原来如此,年为玉知道自己又想多了……年为玉咬了一口馒头,不禁问道:“他们迁来多久了?”
“大概半年了……”
年为玉若有所思地嚼着馒头,要咽的时候却感受到喉咙处的剧痛,她摸着喉咙处低下头忍不住哀嚎几声。难道是喉骨断过了,可她还是没死?
“怎么了?”乞丐大姐上来帮她拍背,以为她噎着了。
“别,疼。”年为玉阻拦道,可能因为刚才的吞咽刺激,说话的时候也痛,她把手里的馒头递还给大姐,轻声地说,“吃不了了。”
乞丐大姐惊讶道:“你饿两天,不吃一点?前天回来就看你在地上睡,没叫你,昨天叫你又叫不醒你,今天你自己醒的……”
年为玉听着都惊恐,她到底在经历怎样匪夷所思的事情?她抬头去看梁上,绳子已断,吊在哪里不起眼。无力细想也不想说话,只好摇摇头躺下睡。作为自杀的报应,她不会要终生禁言禁食吧……可这违背生命规则啊,难道她其实是一具行尸走肉,她缓缓地去摸自己的脖子,还能感受得到脉动……
“好好的馒头怎么不吃呢,这孩子是不是快死了……”乞丐大姐在一旁嘀咕道。
能死就好了。
此后几日,年为玉彻底消停了,基本上就是窝在乞丐窝里一动不动,时而睡着时而醒来。其他乞丐们进进出出,也没人注意到她一直没吃东西。一直如此可不是办法,年为玉趁着夜色轻薄勉强起身到街上走了走,喉咙处只要不做吞咽动作就不怎么疼,她现在最大的问题是营养不良,走几步路身子就开始飘。
几日不出,街上换了新颜,新年财神、对联帖子,爆竹摊,花灯架,纸灯笼,年华贴,腊梅花枝,还有各种新年小食,八宝糕,炸鱼,肉丸子,豆腐盒,肉肠等各种肉类,原来新年的节日气氛历来如此,感慨之余很欣慰,欣慰之后走到清静之地又未免悲凉起来,这新年图个团团圆圆,与她有何关系?
“阿玉?”身后传来熟悉的声音。
年为玉晃悠悠转身,看到了久违的龙俊,他站在集市余光处,有顾虑不能回来一脸着急地望着她,可她不能开口说话,只好对他微微一笑。
龙俊心疼地喊道:“你去哪里了?”
未待她开口,不远处传来龙俊爹的粗鲁声:“快点过来,龙俊。”
龙俊嘴上道:“来了来了。”然后看了看手里的东西,挑一个往地上一丢,没有多做耽搁寻声离去。龙俊果然很靠谱,事事不拖沓周全。
年为玉过去捡起龙俊所丢之物,是一份她最爱吃的黄米年糕,可因为喉咙她却难享美食。可怜的龙俊,晚上又要挨打。她循着人群望去,龙俊已无踪影,可有个背影闪过背影,熟悉的头巾和挎篮,不正是她日日所盼的大娘吗?年为玉赶紧追了上去,年关人群涌动,她气力又不足,所以勉强跟了一段路,最后看到她转入了一条胡同后消失。
年为玉踉跄着走到胡同口,里面黑漆漆空荡荡,但她还是试着走了进去,想凭借直觉找到大娘。走到胡同尽头是一条东西走向的大道,向左找了一通,又向右,最后也分不清东南西北,看着路就往里走,兜兜转转,却寻到一宅邸——华宅。这兜兜转转,不是缘分吗?

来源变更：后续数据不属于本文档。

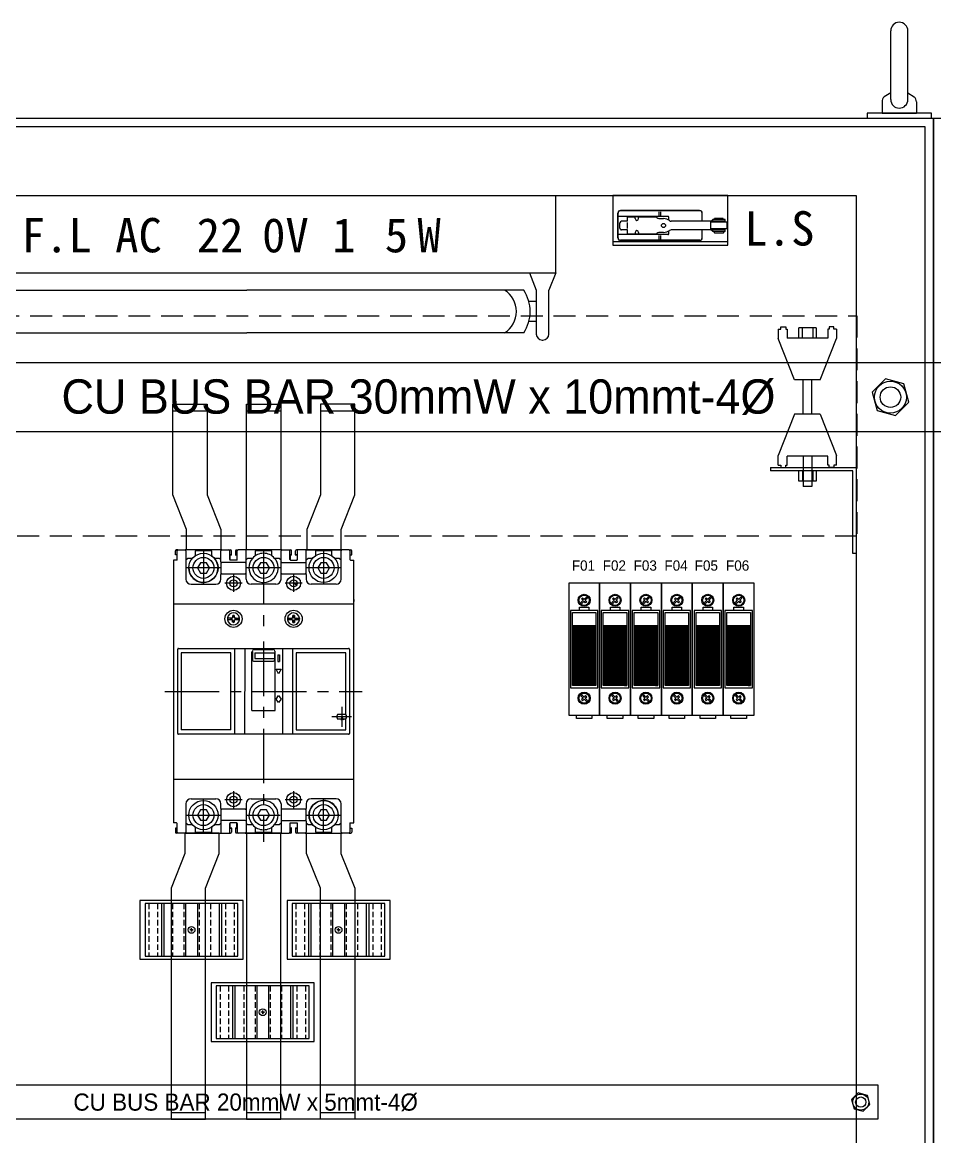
# Model space of a CAD drawing. Header units: millimetres. Extents: x 14879 to 38758, y -20740 to 1136.
# Drawn here: x 35186 to 35718, y -6496 to -5847 of the extents above; entities that cross this region are included whole.
import ezdxf
from ezdxf.enums import TextEntityAlignment as Align

# ---------------------------------------------------------------- set-up
doc = ezdxf.new("R2010")
doc.units = ezdxf.units.MM
for name, pattern in [('CENTER', [50.8, 31.75, -6.35, 6.35, -6.35]), ('DASHED', [19.05, 12.7, -6.35]), ('HIDDEN2', [4.7625, 3.175, -1.5875]), ('NON_PLOTING', [0]), ('PHANTOM', [63.5, 31.75, -6.35, 6.35, -6.35, 6.35, -6.35])]:
    doc.linetypes.add(name, pattern=pattern)
for name, color, linetype in [('F01_OUT', 6, 'Continuous'), ('F03_CNT', 1, 'CENTER'), ('F05_PRO', 4, 'Continuous'), ('F08_IMG', 2, 'PHANTOM'), ('TEXT', 3, 'Continuous'), ('图层1', 10, 'HIDDEN2')]:
    doc.layers.add(name, color=color, linetype=linetype)
doc.styles.get("Standard").update_dxf_attribs({"font": ''})
doc.styles.add('型式1', font='PMingLiU.ttf', dxfattribs={"width": 0.85, "height": 2})
doc.styles.get('Standard').set_extended_font_data('SimSun')

# ---------------------------------------------------------------- blocks, each defined once
blk = doc.blocks.new('歐規FUSE')
h = blk.add_hatch()
h.set_pattern_fill('ANSI31', color=5, scale=0.01, style=0)
h.set_pattern_definition([(45, (-188.019155, -125.580645), (-0.0224506403, 0.0224506403), [])])
h.paths.add_polyline_path([(2.14, -21.15), (15.84, -21.15), (15.84, 13.84), (2.14, 13.84)])
blk.add_line((2.14, 13.84), (15.84, 13.84))
at = {"color": 6}
blk.add_lwpolyline([(0, -38.5), (18, -38.5), (18, 38.5), (0, 38.5)], close=True, dxfattribs=at)
at = {"color": 2}
for points in [[(9, 27.9), (7.71, 26.62), (7.12, 27.21), (8.4, 28.5)], [(8.4, 28.5), (7.53, 29.37), (8.13, 29.97), (9, 29.1)], [(9, 29.1), (10.29, 30.38), (10.88, 29.79), (9.6, 28.5)], [(9.6, 28.5), (10.47, 27.63), (9.87, 27.03), (9, 27.9)], [(9, -27.9), (7.71, -26.62), (7.12, -27.21), (8.4, -28.5)], [(8.4, -28.5), (7.53, -29.37), (8.13, -29.97), (9, -29.1)], [(9.6, -28.5), (10.47, -27.63), (9.87, -27.03), (9, -27.9)], [(9, -29.1), (10.29, -30.38), (10.88, -29.79), (9.6, -28.5)]]:
    blk.add_lwpolyline(points, dxfattribs=at)
for points in [[(1, -22.5), (17, -22.5), (17, 22.5), (1, 22.5)], [(2.14, 21.31), (15.84, 21.31), (15.84, -21.15), (2.14, -21.15)], [(6.26, 24.51), (11.74, 24.51), (11.74, 22.5), (6.26, 22.5)]]:
    blk.add_lwpolyline(points, close=True)
at = {"color": 5}
blk.add_lwpolyline([(4.48, -38.5), (13.52, -38.5), (13.52, -40.29), (4.48, -40.29)], close=True, dxfattribs=at)
at = {"color": 2}
for centre, radius in [((9, 28.5), 3.5), ((9, 28.5), 3), ((9, -28.5), 3.5), ((9, -28.5), 3)]:
    blk.add_circle(centre, radius, dxfattribs=at)
at = {"color": 6}
blk.add_circle((9.3, 5.91), 1.4, dxfattribs=at)
at = {"color": 2, "insert": (8.99, -9.11), "char_height": 2.5, "width": 13.6963, "attachment_point": 5}
blk.add_mtext('{\\fﾷsﾲￓﾩ\ufffaￅ￩|b0|i0|c136|p18;FUSE\\P\\PSFGN\\P\\H0.8x;500V~\\P10 x 38}', dxfattribs=at)
blk = doc.blocks.new('_OPEN30')
at = {"color": 0, "linetype": 'ByBlock', "lineweight": -2}
for p, q in [((-1, 0.267949), (0, 0)), ((0, 0), (-1, -0.267949)), ((0, 0), (-1, 0))]:
    blk.add_line(p, q, dxfattribs=at)

msp = doc.modelspace()

# ---------------------------------------------------------------- linework, layer by layer
for p, q in [((35692.11, -5892.42), (35692.11, -5852.42)), ((35702.11, -5892.42), (35702.11, -5852.42)), ((35692.11, -5888.44), (35688.37, -5890.86)), ((35702.11, -5888.44), (35705.86, -5890.86)), ((35687.11, -5893.77), (35687.11, -5900.34)), ((35707.11, -5893.77), (35707.11, -5900.34)), ((34917.11, -5903.36), (35717.11, -5903.36)), ((34917.11, -5903.36), (35717.11, -5903.36)), ((35715.83, -5900.34), (35678.4, -5900.34)), ((35678.4, -5900.34), (35678.4, -5903.36)), ((35678.4, -5903.36), (35715.83, -5903.36)), ((35687.11, -5900.34), (35707.11, -5900.34)), ((35687.11, -5900.34), (35707.11, -5900.34)), ((35707.11, -5900.34), (35687.11, -5900.34)), ((35707.11, -5900.34), (35687.11, -5900.34)), ((35715.83, -5903.36), (35715.83, -5900.34)), ((35717.11, -5903.36), (35717.11, -7858.36)), ((35717.11, -7903.36), (35717.11, -5903.36)), ((35717.11, -7903.36), (35717.11, -5903.36)), ((35717.11, -5903.36), (35717.11, -7858.36)), ((35717.11, -5903.36), (36517.11, -5903.36)), ((35717.11, -7903.36), (35717.11, -5903.36)), ((35717.11, -5903.36), (36517.11, -5903.36)), ((35717.11, -5903.36), (35717.11, -7858.36)), ((35712.11, -5908.36), (34922.11, -5908.36)), ((35712.11, -7898.36), (35712.11, -5908.36)), ((34962.11, -5948.36), (35672.11, -5948.36)), ((35137.11, -5948.36), (35497.11, -5948.36)), ((35497.11, -5993.36), (35497.11, -5948.36)), ((35597.21, -5948.36), (35530.31, -5948.36)), ((35530.31, -5948.36), (35530.31, -5977.18)), ((35597.21, -5977.18), (35597.21, -5948.36)), ((35672.11, -5948.36), (35672.11, -7858.36)), ((35530.31, -5975.18), (35597.21, -5975.18)), ((35530.31, -5977.18), (35597.21, -5977.18)), ((35137.11, -5993.36), (35497.11, -5993.36)), ((35481.7, -5993.36), (35485.71, -6003.36)), ((35497.11, -5993.36), (35493.11, -6003.36)), ((35155.81, -6003.36), (35317.11, -6003.36)), ((35478.42, -6003.36), (35317.11, -6003.36)), ((35485.71, -6003.36), (35485.71, -6029)), ((35493.11, -6029), (35493.11, -6003.36)), ((35485.71, -6009.99), (35481.38, -6009.99)), ((35485.71, -6021.73), (35481.38, -6021.73)), ((35155.81, -6028.36), (35317.11, -6028.36)), ((35478.42, -6028.36), (35317.11, -6028.36)), ((35489.21, -6032.5), (35489.61, -6032.5)), ((35717.11, -6045.75), (34917.11, -6045.75)), ((35717.11, -6085.75), (35717.11, -6045.75)), ((35717.11, -6045.75), (35717.11, -6085.75)), ((35717.11, -6085.75), (35717.11, -6045.75)), ((36517.11, -6045.75), (35717.11, -6045.75)), ((35717.11, -6045.75), (35717.11, -6085.75)), ((34917.11, -6085.75), (35717.11, -6085.75)), ((35717.11, -6085.75), (36517.11, -6085.75)), ((35314.94, -6359), (35254.94, -6359)), ((35254.94, -6359), (35254.94, -6393)), ((35311.94, -6360.7), (35257.94, -6360.7)), ((35257.94, -6360.7), (35257.94, -6391.3)), ((35267.41, -6360.7), (35267.41, -6391.3)), ((35268.78, -6360.7), (35268.78, -6391.3)), ((35281.47, -6360.7), (35281.47, -6391.3)), ((35288.42, -6360.7), (35288.42, -6391.3)), ((35301.11, -6360.7), (35301.11, -6391.3)), ((35302.48, -6360.7), (35302.48, -6391.3)), ((35311.94, -6391.3), (35311.94, -6360.7)), ((35314.94, -6393), (35314.94, -6359)), ((35400.58, -6359), (35340.58, -6359)), ((35340.58, -6359), (35340.58, -6393)), ((35397.58, -6360.7), (35343.58, -6360.7)), ((35343.58, -6360.7), (35343.58, -6391.3)), ((35353.04, -6360.7), (35353.04, -6391.3)), ((35354.42, -6360.7), (35354.42, -6391.3)), ((35367.11, -6360.7), (35367.11, -6391.3)), ((35374.05, -6360.7), (35374.05, -6391.3)), ((35386.75, -6360.7), (35386.75, -6391.3)), ((35388.12, -6360.7), (35388.12, -6391.3)), ((35397.58, -6391.3), (35397.58, -6360.7)), ((35400.58, -6393), (35400.58, -6359)), ((35285.94, -6376), (35283.94, -6376)), ((35284.94, -6377), (35284.94, -6375)), ((35284.94, -6376), (35284.94, -6377)), ((35284.94, -6376), (35285.94, -6376)), ((35371.58, -6376), (35369.58, -6376)), ((35370.58, -6377), (35370.58, -6375)), ((35370.58, -6376), (35370.58, -6377)), ((35370.58, -6376), (35371.58, -6376)), ((35254.94, -6393), (35314.94, -6393)), ((35257.94, -6391.3), (35311.94, -6391.3)), ((35340.58, -6393), (35400.58, -6393)), ((35343.58, -6391.3), (35397.58, -6391.3)), ((35356.39, -6406.95), (35296.39, -6406.95)), ((35296.39, -6406.95), (35296.39, -6440.95)), ((35353.39, -6408.65), (35299.39, -6408.65)), ((35299.39, -6408.65), (35299.39, -6439.25)), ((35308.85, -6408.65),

单看门口两只气势磅礴的石狮气势,就知道这家有钱有势。她累得忍不住在门口的石阶上坐了坐,不禁想道:这种家庭孕育出来的公子哥,要么嚣张跋扈,要么完美得她只可远观不可亵玩,而且他们基本都三妻四妾。又胡思乱想,谁叫她闲得没事干呢!
男人,她大概了解一点,也清楚男女之事多是兴之所至。说来惭愧,在现代的她并没有遇到特别优秀的男人,优秀到让她即便一辈子得不到也愿意一辈子欣赏的男人,其实也怪她没突破生活交际圈子,也或许世界上根本就不会那种她所理想的至善至理至性的男人。从小看琼瑶言情剧出身,也曾对爱情有过热切的渴望,暗恋过两三人,情浓时忘乎所以,情淡时便后悔不已,爱情总要带着一往无前的执念和偏激,而这种会打碎生活基调的糟糕事,她也并不心甘情愿去尝试。除此之外,爱情就像超市的牛奶,总会带有保鲜期,等到变质时,一场你侬我侬的恋爱与长期与一人约炮无异,除非你运用自己的能力将牛奶做成其他不容易变质的蛋糕或者饼干,牛奶是在,但已经不是原有模样。
所以对年为玉来说,她的爱情观一直是消极的,她可以去喜欢一个男人,但却从不相信爱情永恒,以如此心情,任何看似完美的对象,都会在一开始让她拍死在摇篮里。